Now Hatfield had a shoe but he didn’t have a name for it. Of course it’s impossible to tell the story of the shoe without saying what it’s name became, but up to this point neither Hatfield, nor Nike, nor anyone else had a name for the shoe that stuck. And they weren’t getting anywhere with it. So instead of delaying the sneaker further, Nike sent out a call to creatives all over the country soliciting ideas. Out of the more than 300 submissions that Nike received, one floated to the surface: “Presto Magic.” Inspired by the magical fit, the idea was that the shoe was such a marvel it might as well be the breathtaking reveal of a magic trick that comes with a magician’s utterance of “Presto!” That name stuck and the shoe was ready for the public.
After four years in development, Nike was not about to just release the sneaker with little fanfare. The rollout was legendary. Thirteen colorways of the sneaker released all at once, and each colorway had its own bespoke animated TV spot featuring designs from Monica Taylor, nicknames courtesy of Dylan Lee, all created with help from Wieden & Kennedy, the advertising agency responsible for almost all of Nike’s messaging through the ‘80s and ‘90s. Twelve of those thirteen colorways had unexpected names that Wieden & Kennedy used as inspiration for the spots: Abdominal Snowman, Brutal Honey, Catfight Shiner, Jack Mackerel, Migraine Fly, Orange Monk, Presto Bill, Rabid Panda, Rogue Kielbasas, Shady Milkman, Trouble at Home, and Unholy Cumulus. The thirteenth colorway remained unnamed (how unlucky!).

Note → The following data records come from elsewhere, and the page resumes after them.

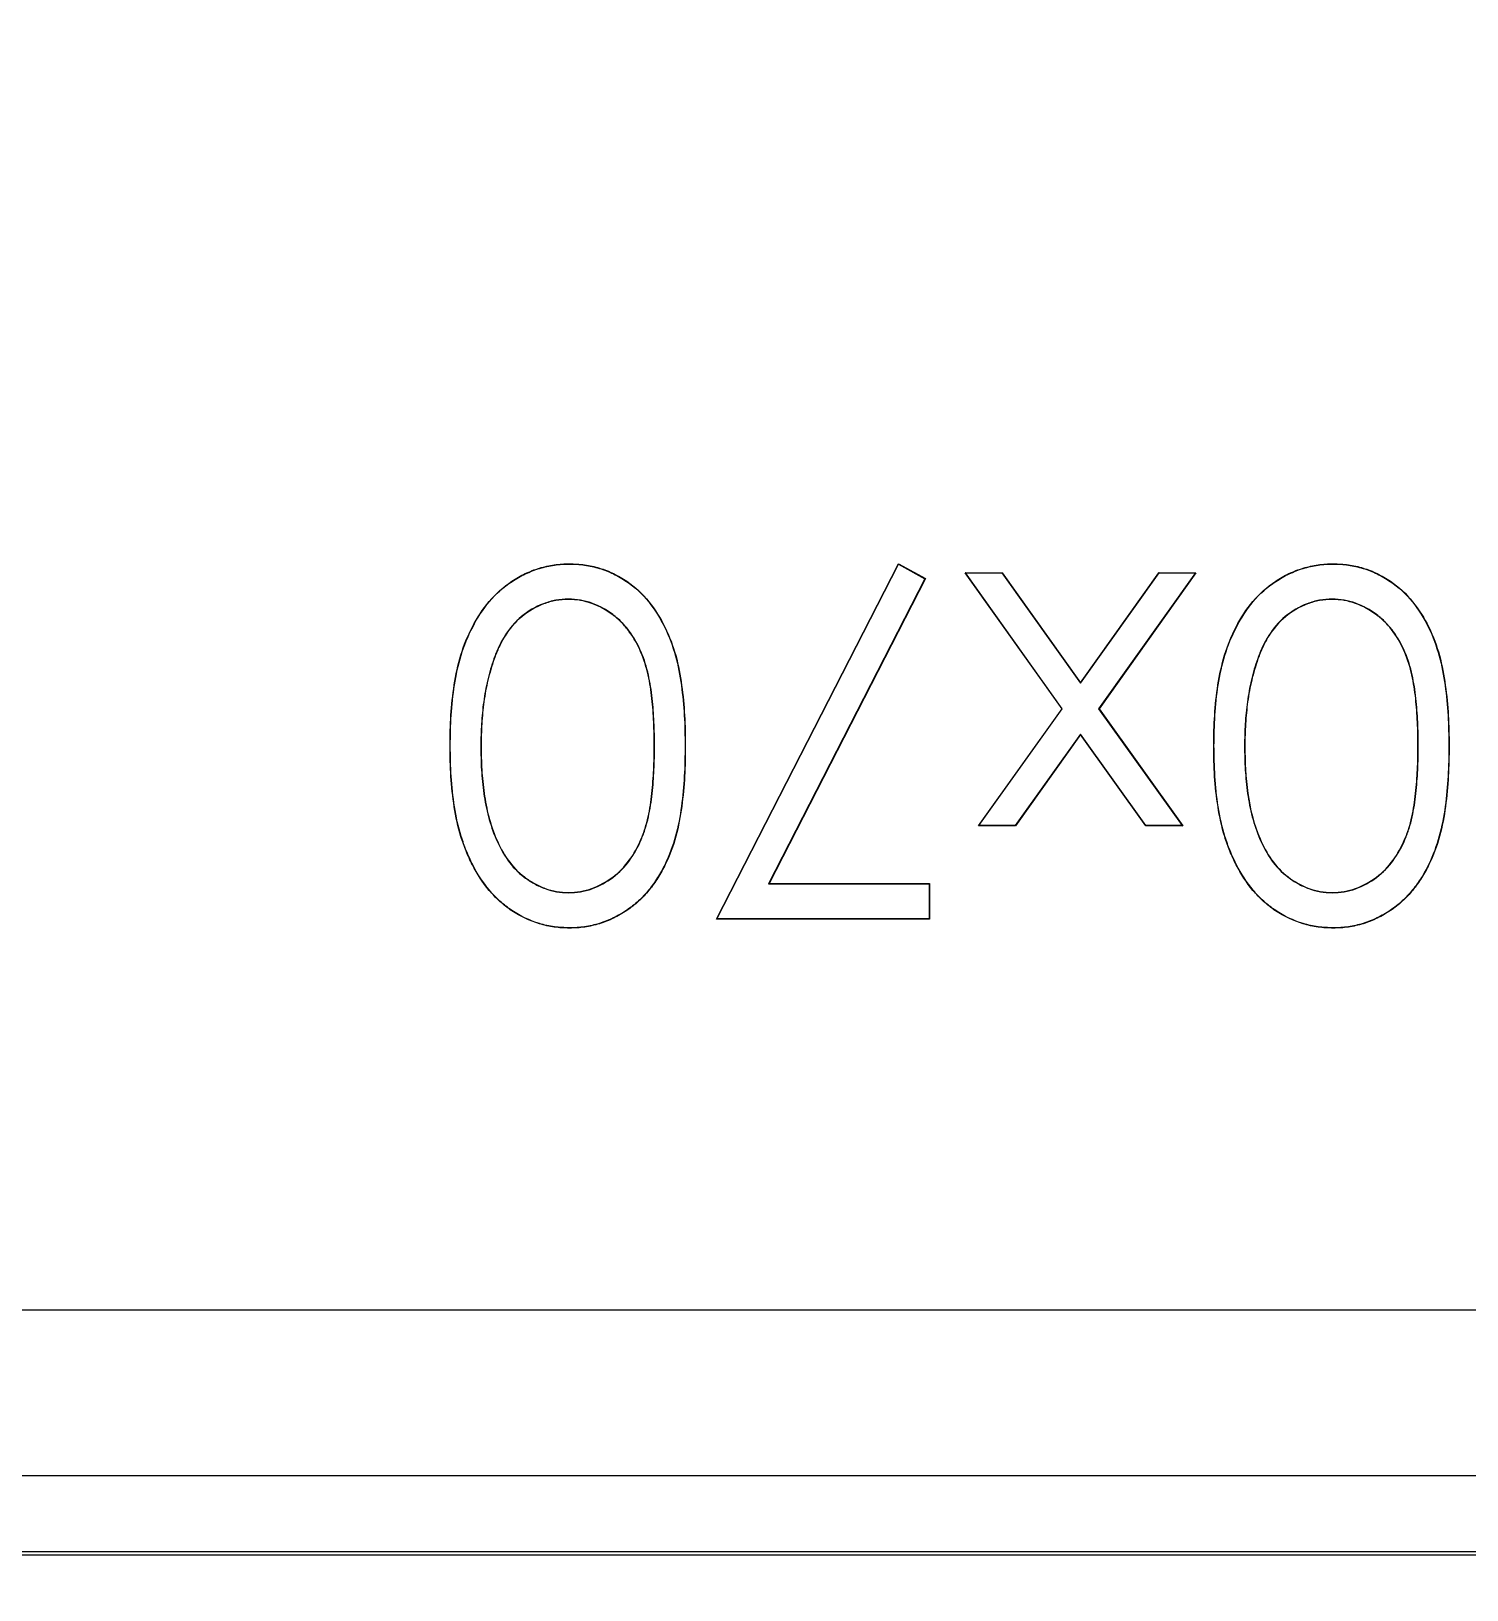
# Model space of a CAD drawing. Header units: millimetres. Extents: x 25 to 1372, y 25 to 1055.
# Drawn here: x 631.81 to 652.54, y 107.01 to 129.51 of the extents above; entities that cross this region are included whole.
import ezdxf

# ---------------------------------------------------------------- set-up
doc = ezdxf.new("R2010")
doc.units = ezdxf.units.MM
doc.header["$LTSCALE"] = 5
for name, color, linetype, lineweight in [('Dimension (ANSI)', 7, 'Continuous', 9), ('Visible (ANSI)', 7, 'Continuous', 9), ('Visible Narrow (ANSI)', 7, 'Continuous', 9)]:
    doc.layers.add(name, color=color, linetype=linetype, lineweight=lineweight)
doc.styles.add('Note Text (ANSI)', font='arial.ttf')
doc.dimstyles.new('Default - mm_inch (ANSI)', dxfattribs={"dimscale": 5, "dimtxt": 1.7, "dimasz": 2, "dimexe": 3.175, "dimexo": 1, "dimgap": 0.8, "dimtad": 0, "dimtih": 1, "dimtoh": 1, "dimrnd": 1e-08, "dimzin": 4, "dimdsep": 46, "dimtxsty": 'Note Text (ANSI)', "dimblk": 'Filled-1', "dimcen": 0.09, "dimdle": 10, "dimclrd": 256, "dimclre": 256, "dimclrt": 256, "dimadec": 1, "dimazin": 0, "dimtfac": 1.176471, "dimtofl": 0, "dimtmove": 0, "dimatfit": 3, "dimfxl": 0, "dimtolj": 1, "dimtzin": 0, "dimlwd": -1, "dimlwe": -1, "dimarcsym": 0})

# ---------------------------------------------------------------- blocks, each defined once
blk = doc.blocks.new('Filled-1')
at = {"color": 0}
for p, q in [((0, 0), (-1, 0.15)), ((-1, 0.15), (-1, -0.15)), ((-1, 0), (0, 0)), ((-1, -0.15), (0, 0))]:
    blk.add_line(p, q, dxfattribs=at)
at = {"color": 0, "flags": 128}
blk.add_lwpolyline([(-1, -0.15), (0, 0), (-1, 0.15), (-1, -0.15)], dxfattribs=at)
at = {"color": 0}
blk.add_solid([(-1, -0.15), (0, 0), (-1, 0.15), (-1, -0.15)], dxfattribs=at)
blk = doc.blocks.new('*D37')
at = {"layer": 'Defpoints', "color": 0, "transparency": 16777216}
for p in [(592.946, 158.015), (752.946, 158.015), (592.946, 85.288)]:
    blk.add_point(p, dxfattribs=at)
at = {"layer": 'Dimension (ANSI)', "transparency": 16777216}
for p, q in [((592.946, 153.015), (592.946, 69.413)), ((752.946, 153.015), (752.946, 69.413)), ((602.946, 85.288), (630.395, 85.288)), ((742.946, 85.288), (677.445, 85.288))]:
    blk.add_line(p, q, dxfattribs=at)
at = {"layer": 'Dimension (ANSI)', "transparency": 16777216, "xscale": 10, "yscale": 10, "zscale": 10, "rotation": 180}
blk.add_blockref('Filled-1', (592.946, 85.288), dxfattribs=at)
at = {"layer": 'Dimension (ANSI)', "transparency": 16777216, "xscale": 10, "yscale": 10, "zscale": 10}
blk.add_blockref('Filled-1', (752.946, 85.288), dxfattribs=at)
at = {"layer": 'Dimension (ANSI)', "transparency": 16777216, "char_height": 8.5, "attachment_point": 5, "style": 'Note Text (ANSI)'}
for s, insert in [('\\A1; 160.00', (653.92, 93.628)), ('\\A1;[6.30]', (653.92, 75.841))]:
    blk.add_mtext(s, dxfattribs=dict(at, insert=insert))

msp = doc.modelspace()

# ---------------------------------------------------------------- linework, layer by layer
at = {"layer": 'Visible (ANSI)'}
for p, q in [((639.584, 121.815), (639.584, 121.818)), ((641.704, 116.69), (644.332, 121.818)), ((641.71, 116.694), (644.334, 121.814)), ((644.332, 121.818), (644.72, 121.605)), ((644.334, 121.814), (644.332, 121.818)), ((644.334, 121.814), (644.715, 121.604)), ((646.693, 119.728), (645.294, 121.69)), ((645.294, 121.69), (645.828, 121.69)), ((645.3, 121.687), (645.294, 121.69)), ((645.3, 121.687), (645.826, 121.687)), ((646.697, 119.728), (645.3, 121.687)), ((645.826, 121.687), (645.828, 121.69)), ((645.826, 121.687), (646.96, 120.097)), ((645.828, 121.69), (646.96, 120.103)), ((646.96, 120.103), (648.093, 121.69)), ((646.96, 120.097), (648.095, 121.687)), ((648.62, 121.687), (647.222, 119.728)), ((648.627, 121.69), (647.227, 119.728)), ((648.093, 121.69), (648.627, 121.69)), ((648.095, 121.687), (648.093, 121.69)), ((648.095, 121.687), (648.62, 121.687)), ((648.62, 121.687), (648.627, 121.69)), ((650.609, 121.815), (650.609, 121.818)), ((644.715, 121.604), (642.457, 117.2)), ((644.72, 121.605), (642.463, 117.203)), ((644.715, 121.604), (644.72, 121.605)), ((639.569, 121.309), (639.569, 121.306)), ((650.594, 121.309), (650.594, 121.306)), ((638.492, 120.448), (638.496, 120.447)), ((649.518, 120.448), (649.521, 120.447)), ((646.96, 120.097), (646.96, 120.103)), ((645.486, 118.036), (646.693, 119.728)), ((645.493, 118.04), (646.697, 119.728)), ((646.697, 119.728), (646.693, 119.728)), ((647.222, 119.728), (647.227, 119.728)), ((647.222, 119.728), (648.428, 118.04)), ((647.227, 119.728), (648.435, 118.036)), ((646.96, 119.361), (646.018, 118.04)), ((646.96, 119.354), (646.02, 118.036)), ((646.96, 119.361), (646.96, 119.354)), ((647.903, 118.04), (646.96, 119.361)), ((647.901, 118.036), (646.96, 119.354)), ((637.861, 119.192), (637.858, 119.192)), ((638.303, 119.19), (638.307, 119.19)), ((641.252, 119.192), (641.255, 119.192)), ((648.887, 119.192), (648.883, 119.192)), ((649.329, 119.19), (649.332, 119.19)), ((652.277, 119.192), (652.281, 119.192)), ((645.493, 118.04), (645.486, 118.036)), ((646.02, 118.036), (645.486, 118.036)), ((646.018, 118.04), (645.493, 118.04)), ((646.018, 118.04), (646.02, 118.036)), ((647.903, 118.04), (647.901, 118.036)), ((648.435, 118.036), (647.901, 118.036)), ((648.428, 118.04), (647.903, 118.04)), ((648.428, 118.04), (648.435, 118.036)), ((642.457, 117.2), (642.463, 117.203)), ((642.457, 117.2), (644.777, 117.2)), ((642.463, 117.203), (644.781, 117.203)), ((644.777, 117.2), (644.781, 117.203)), ((644.777, 117.2), (644.777, 116.694)), ((644.781, 117.203), (644.781, 116.69)), ((639.569, 117.071), (639.569, 117.075)), ((650.594, 117.071), (650.594, 117.075)), ((639.584, 116.566), (639.584, 116.562)), ((641.71, 116.694), (641.704, 116.69)), ((644.781, 116.69), (641.704, 116.69)), ((644.777, 116.694), (641.71, 116.694)), ((644.777, 116.694), (644.781, 116.69)), ((650.609, 116.566), (650.609, 116.562)), ((578.286, 111.055), (767.607, 111.055)), ((578.246, 108.663), (767.646, 108.663)), ((578.246, 107.567), (767.646, 107.567)), ((578.246, 107.515), (767.646, 107.515))]:
    msp.add_line(p, q, dxfattribs=at)
for points, knots in [([(637.858, 119.192), (637.86, 119.339), (637.862, 119.486), (637.881, 119.779), (637.896, 119.926), (637.942, 120.216), (637.974, 120.36), (638.057, 120.641), (638.114, 120.778), (638.249, 121.039), (638.329, 121.163), (638.519, 121.388), (638.629, 121.487), (638.813, 121.608), (638.877, 121.646), (639.01, 121.708), (639.078, 121.734), (639.219, 121.777), (639.291, 121.792), (639.4, 121.808), (639.437, 121.813), (639.51, 121.817), (639.547, 121.818), (639.584, 121.818)], [0, 0, 0, 0, 0.000440784, 0.000440784, 0.000881568, 0.000881568, 0.001322353, 0.001322353, 0.001763137, 0.001763137, 0.002203921, 0.002203921, 0.002644705, 0.002644705, 0.002865098, 0.002865098, 0.00308549, 0.00308549, 0.003305882, 0.003305882, 0.003416078, 0.003416078, 0.003526274, 0.003526274, 0.003526274, 0.003526274]), ([(637.861, 119.192), (637.863, 119.339), (637.865, 119.486), (637.885, 119.779), (637.899, 119.925), (637.945, 120.215), (637.977, 120.359), (638.061, 120.64), (638.118, 120.776), (638.252, 121.037), (638.332, 121.161), (638.521, 121.385), (638.631, 121.484), (638.815, 121.605), (638.878, 121.642), (639.011, 121.704), (639.08, 121.731), (639.22, 121.774), (639.292, 121.789), (639.401, 121.805), (639.437, 121.809), (639.51, 121.814), (639.547, 121.814), (639.584, 121.815)], [0, 0, 0, 0, 0.000440056, 0.000440056, 0.000880153, 0.000880153, 0.001320251, 0.001320251, 0.001760349, 0.001760349, 0.002200446, 0.002200446, 0.002640544, 0.002640544, 0.002860593, 0.002860593, 0.003080642, 0.003080642, 0.003300691, 0.003300691, 0.003410715, 0.003410715, 0.003520685, 0.003520685, 0.003520685, 0.003520685]), ([(639.584, 121.818), (639.656, 121.817), (639.729, 121.814), (639.874, 121.793), (639.945, 121.777), (640.085, 121.735), (640.153, 121.709), (640.284, 121.645), (640.348, 121.608), (640.529, 121.486), (640.637, 121.385), (640.82, 121.158), (640.897, 121.033), (641.026, 120.772), (641.077, 120.634), (641.155, 120.353), (641.181, 120.209), (641.222, 119.92), (641.235, 119.775), (641.252, 119.484), (641.254, 119.338), (641.255, 119.192)], [0, 0, 0, 0, 0.000218786, 0.000218786, 0.000437573, 0.000437573, 0.000656359, 0.000656359, 0.000875145, 0.000875145, 0.001312718, 0.001312718, 0.001750291, 0.001750291, 0.002187864, 0.002187864, 0.002625436, 0.002625436, 0.003063009, 0.003063009, 0.003500582, 0.003500582, 0.003500582, 0.003500582]), ([(639.584, 121.815), (639.656, 121.814), (639.729, 121.811), (639.873, 121.79), (639.944, 121.774), (640.084, 121.732), (640.152, 121.706), (640.282, 121.642), (640.346, 121.605), (640.527, 121.483), (640.635, 121.383), (640.817, 121.156), (640.894, 121.032), (641.023, 120.77), (641.074, 120.633), (641.152, 120.352), (641.177, 120.209), (641.218, 119.92), (641.232, 119.775), (641.249, 119.484), (641.251, 119.338), (641.252, 119.192)], [0, 0, 0, 0, 0.000218377, 0.000218377, 0.000436809, 0.000436809, 0.000655241, 0.000655241, 0.000873672, 0.000873672, 0.001310536, 0.001310536, 0.001747399, 0.001747399, 0.002184263, 0.002184263, 0.002621126, 0.002621126, 0.00305799, 0.00305799, 0.003494833, 0.003494833, 0.003494833, 0.003494833]), ([(648.883, 119.192), (648.885, 119.339), (648.887, 119.486), (648.907, 119.779), (648.921, 119.926), (648.967, 120.216), (648.999, 120.36), (649.083, 120.641), (649.14, 120.778), (649.275, 121.039), (649.354, 121.163), (649.544, 121.388), (649.655, 121.487), (649.839, 121.608), (649.902, 121.646), (650.035, 121.708), (650.104, 121.734), (650.245, 121.777), (650.317, 121.792), (650.426, 121.808), (650.462, 121.813), (650.536, 121.817), (650.572, 121.818), (650.609, 121.818)], [0, 0, 0, 0, 0.000440784, 0.000440784, 0.000881568, 0.000881568, 0.001322353, 0.001322353, 0.001763137, 0.001763137, 0.002203921, 0.002203921, 0.002644705, 0.002644705, 0.002865098, 0.002865098, 0.00308549, 0.00308549, 0.003305882, 0.003305882, 0.003416078, 0.003416078, 0.003526274, 0.003526274, 0.003526274, 0.003526274]), ([(648.887, 119.192), (648.889, 119.339), (648.891, 119.486), (648.91, 119.779), (648.925, 119.925), (648.971, 120.215), (649.003, 120.359), (649.086, 120.64), (649.143, 120.776), (649.278, 121.037), (649.357, 121.161), (649.547, 121.385), (649.657, 121.484), (649.841, 121.605), (649.904, 121.642), (650.037, 121.704), (650.105, 121.731), (650.246, 121.774), (650.317, 121.789), (650.426, 121.805), (650.463, 121.809), (650.536, 121.814), (650.572, 121.814), (650.609, 121.815)], [0, 0, 0, 0, 0.000440056, 0.000440056, 0.000880153, 0.000880153, 0.001320251, 0.001320251, 0.001760349, 0.001760349, 0.002200446, 0.002200446, 0.002640544, 0.002640544, 0.002860593, 0.002860593, 0.003080642, 0.003080642, 0.003300691, 0.003300691, 0.003410715, 0.003410715, 0.003520685, 0.003520685, 0.003520685, 0.003520685]), ([(650.609, 121.818), (650.682, 121.817), (650.755, 121.814), (650.899, 121.793), (650.971, 121.777), (651.11, 121.735), (651.179, 121.709), (651.31, 121.645), (651.373, 121.608), (651.555, 121.486), (651.663, 121.385), (651.845, 121.158), (651.923, 121.033), (652.052, 120.772), (652.103, 120.634), (652.181, 120.353), (652.206, 120.209), (652.247, 119.92), (652.261, 119.775), (652.278, 119.484), (652.28, 119.338), (652.281, 119.192)], [0, 0, 0, 0, 0.000218786, 0.000218786, 0.000437573, 0.000437573, 0.000656359, 0.000656359, 0.000875145, 0.000875145, 0.001312718, 0.001312718, 0.001750291, 0.001750291, 0.002187864, 0.002187864, 0.002625436, 0.002625436, 0.003063009, 0.003063009, 0.003500582, 0.003500582, 0.003500582, 0.003500582]), ([(650.609, 121.815), (650.682, 121.814), (650.755, 121.811), (650.899, 121.79), (650.97, 121.774), (651.109, 121.732), (651.177, 121.706), (651.308, 121.642), (651.371, 121.605), (651.552, 121.483), (651.66, 121.383), (651.842, 121.156), (651.92, 121.032), (652.048, 120.77), (652.099, 120.633), (652.177, 120.352), (652.203, 120.209), (652.244, 119.92), (652.257, 119.775), (652.274, 119.484), (652.277, 119.338), (652.277, 119.192)], [0, 0, 0, 0, 0.000218377, 0.000218377, 0.000436809, 0.000436809, 0.000655241, 0.000655241, 0.000873672, 0.000873672, 0.001310536, 0.001310536, 0.001747399, 0.001747399, 0.002184263, 0.002184263, 0.002621126, 0.002621126, 0.00305799, 0.00305799, 0.003494833, 0.003494833, 0.003494833, 0.003494833]), ([(639.569, 121.309), (639.568, 121.309), (639.568, 121.309), (639.568, 121.309), (639.507, 121.307), (639.445, 121.304), (639.325, 121.282), (639.265, 121.264), (639.093, 121.199), (638.985, 121.136), (638.796, 120.98), (638.716, 120.884), (638.617, 120.729), (638.588, 120.674), (638.536, 120.563), (638.514, 120.506), (638.492, 120.448), (638.492, 120.448), (638.492, 120.448), (638.492, 120.448)], [0, 0, 0, 0, 0.000000158, 0.000000158, 0.000000158, 0.000182758, 0.000182758, 0.000365357, 0.000365357, 0.000730557, 0.000730557, 0.001095756, 0.001095756, 0.001278355, 0.001278355, 0.001460955, 0.001460955, 0.001460955, 0.001461006, 0.001461006, 0.001461006, 0.001461006]), ([(639.569, 121.306), (639.507, 121.303), (639.446, 121.3), (639.325, 121.279), (639.266, 121.261), (639.094, 121.196), (638.987, 121.133), (638.798, 120.977), (638.718, 120.882), (638.62, 120.727), (638.591, 120.673), (638.539, 120.562), (638.517, 120.505), (638.496, 120.447)], [0, 0, 0, 0, 0.000182101, 0.000182101, 0.000364202, 0.000364202, 0.000728404, 0.000728404, 0.001092606, 0.001092606, 0.001274707, 0.001274707, 0.001456808, 0.001456808, 0.001456808, 0.001456808]), ([(640.81, 119.19), (640.81, 119.305), (640.808, 119.419), (640.797, 119.648), (640.789, 119.762), (640.764, 119.99), (640.746, 120.103), (640.697, 120.327), (640.663, 120.437), (640.572, 120.648), (640.518, 120.75), (640.415, 120.888), (640.378, 120.932), (640.298, 121.014), (640.254, 121.051), (640.116, 121.155), (640.015, 121.21), (639.852, 121.269), (639.797, 121.285), (639.683, 121.303), (639.626, 121.306), (639.569, 121.309), (639.569, 121.309), (639.569, 121.309), (639.569, 121.309)], [0, 0, 0, 0, 0.00034322, 0.00034322, 0.000686432, 0.000686432, 0.001029643, 0.001029643, 0.001372855, 0.001372855, 0.001716066, 0.001716066, 0.001887672, 0.001887672, 0.002059277, 0.002059277, 0.002402489, 0.002402489, 0.002574095, 0.002574095, 0.0027457, 0.0027457, 0.0027457, 0.002745859, 0.002745859, 0.002745859, 0.002745859]), ([(640.807, 119.19), (640.806, 119.305), (640.805, 119.419), (640.793, 119.648), (640.786, 119.762), (640.761, 119.989), (640.743, 120.103), (640.694, 120.326), (640.66, 120.436), (640.569, 120.646), (640.515, 120.748), (640.412, 120.885), (640.376, 120.93), (640.295, 121.011), (640.252, 121.048), (640.115, 121.152), (640.013, 121.207), (639.851, 121.266), (639.796, 121.281), (639.683, 121.3), (639.626, 121.303), (639.569, 121.306)], [0, 0, 0, 0, 0.000342545, 0.000342545, 0.000685089, 0.000685089, 0.001027634, 0.001027634, 0.001370178, 0.001370178, 0.001712723, 0.001712723, 0.001883995, 0.001883995, 0.002055268, 0.002055268, 0.002397812, 0.002397812, 0.002569084, 0.002569084, 0.002740357, 0.002740357, 0.002740357, 0.002740357]), ([(650.594, 121.309), (650.594, 121.309), (650.594, 121.309), (650.594, 121.309), (650.533, 121.307), (650.471, 121.304), (650.35, 121.282), (650.291, 121.264), (650.118, 121.199), (650.011, 121.136), (649.821, 120.98), (649.741, 120.884), (649.643, 120.729), (649.613, 120.674), (649.561, 120.563), (649.539, 120.506), (649.518, 120.448), (649.518, 120.448), (649.518, 120.448), (649.518, 120.448)], [0, 0, 0, 0, 0.000000158, 0.000000158, 0.000000158, 0.000182758, 0.000182758, 0.000365357, 0.000365357, 0.000730557, 0.000730557, 0.001095756, 0.001095756, 0.001278355, 0.001278355, 0.001460955, 0.001460955, 0.001460955, 0.001461006, 0.001461006, 0.001461006, 0.001461006]), ([(650.594, 121.306), (650.533, 121.303), (650.471, 121.3), (650.351, 121.279), (650.292, 121.261), (650.12, 121.196), (650.013, 121.133), (649.824, 120.977), (649.744, 120.882), (649.646, 120.727), (649.617, 120.673), (649.565, 120.562), (649.543, 120.505), (649.521, 120.447)], [0, 0, 0, 0, 0.000182101, 0.000182101, 0.000364202, 0.000364202, 0.000728404, 0.000728404, 0.001092606, 0.001092606, 0.001274707, 0.001274707, 0.001456808, 0.001456808, 0.001456808, 0.001456808]), ([(651.836, 119.19), (651.835, 119.305), (651.834, 119.419), (651.822, 119.648), (651.815, 119.762), (651.79, 119.99), (651.772, 120.103), (651.723, 120.327), (651.689, 120.437), (651.598, 120.648), (651.544, 120.75), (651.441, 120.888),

The imaginative names with companion advertisements, plus the timing of the 2000 Sydney Olympics, made the sneaker an immediate success. But strangely, as we’ve seen with other Nike silhouettes, the brand pretty quickly cannibalized their own momentum. Nike dove deeply into a different running sneaker program, Nike Free, that was an almost direct off-shoot from the Presto and it took a lot of the energy away from the shoe. Ultimately the Free program dominated Nike’s running sector after the Presto’s initial release and the Presto never grabbed it back—at least not from a running perspective. It would be at least another decade before the Presto would return to the culture from a different angle.
In the meantime, there were some bizarre moves from the Presto.
In 2001, Nike created a handful of pairs for Eric Clapton who wore them on his world tour, with pairs from that tour appearing at auctions in the years since. In 2002, the periodic collaborative trio known as HTM (Hiroshi Fujiwara, Tinker Hatfield, and Mark Parker) reconfigured the Presto into the HTM Air Presto Roam that brings a much more rugged look with a suede upper. Fujiwara got his hands on the Presto again in 2004, collaborating on the sneaker with a duo of designs featuring Hello Kitty who was celebrating their 30th anniversary. Rumors state that there are fewer than a dozen pairs of Hello Kitty Prestos in the wild. In 2008 a pair or two of Prestos surfaced with official branding for the Sex and the City movie that no one really knew what to make sense of, but they exist anyway.
The best moment from this bizarro decade and a half of Presto history was a follow up TV spot for the sneaker - arguably one of the best sneaker commercials of all time: “Le Poulet en Colere” (“The Angry Chicken”). In an attempt to get in on the ground floor of the new French trend of free running, (a.k.a. parkour), Nike convinced one of the sport’s founders, Sebastien Foucan, to be chased around a city by a chicken. The spot is narrated in both French and English, and is an iconic must-watch.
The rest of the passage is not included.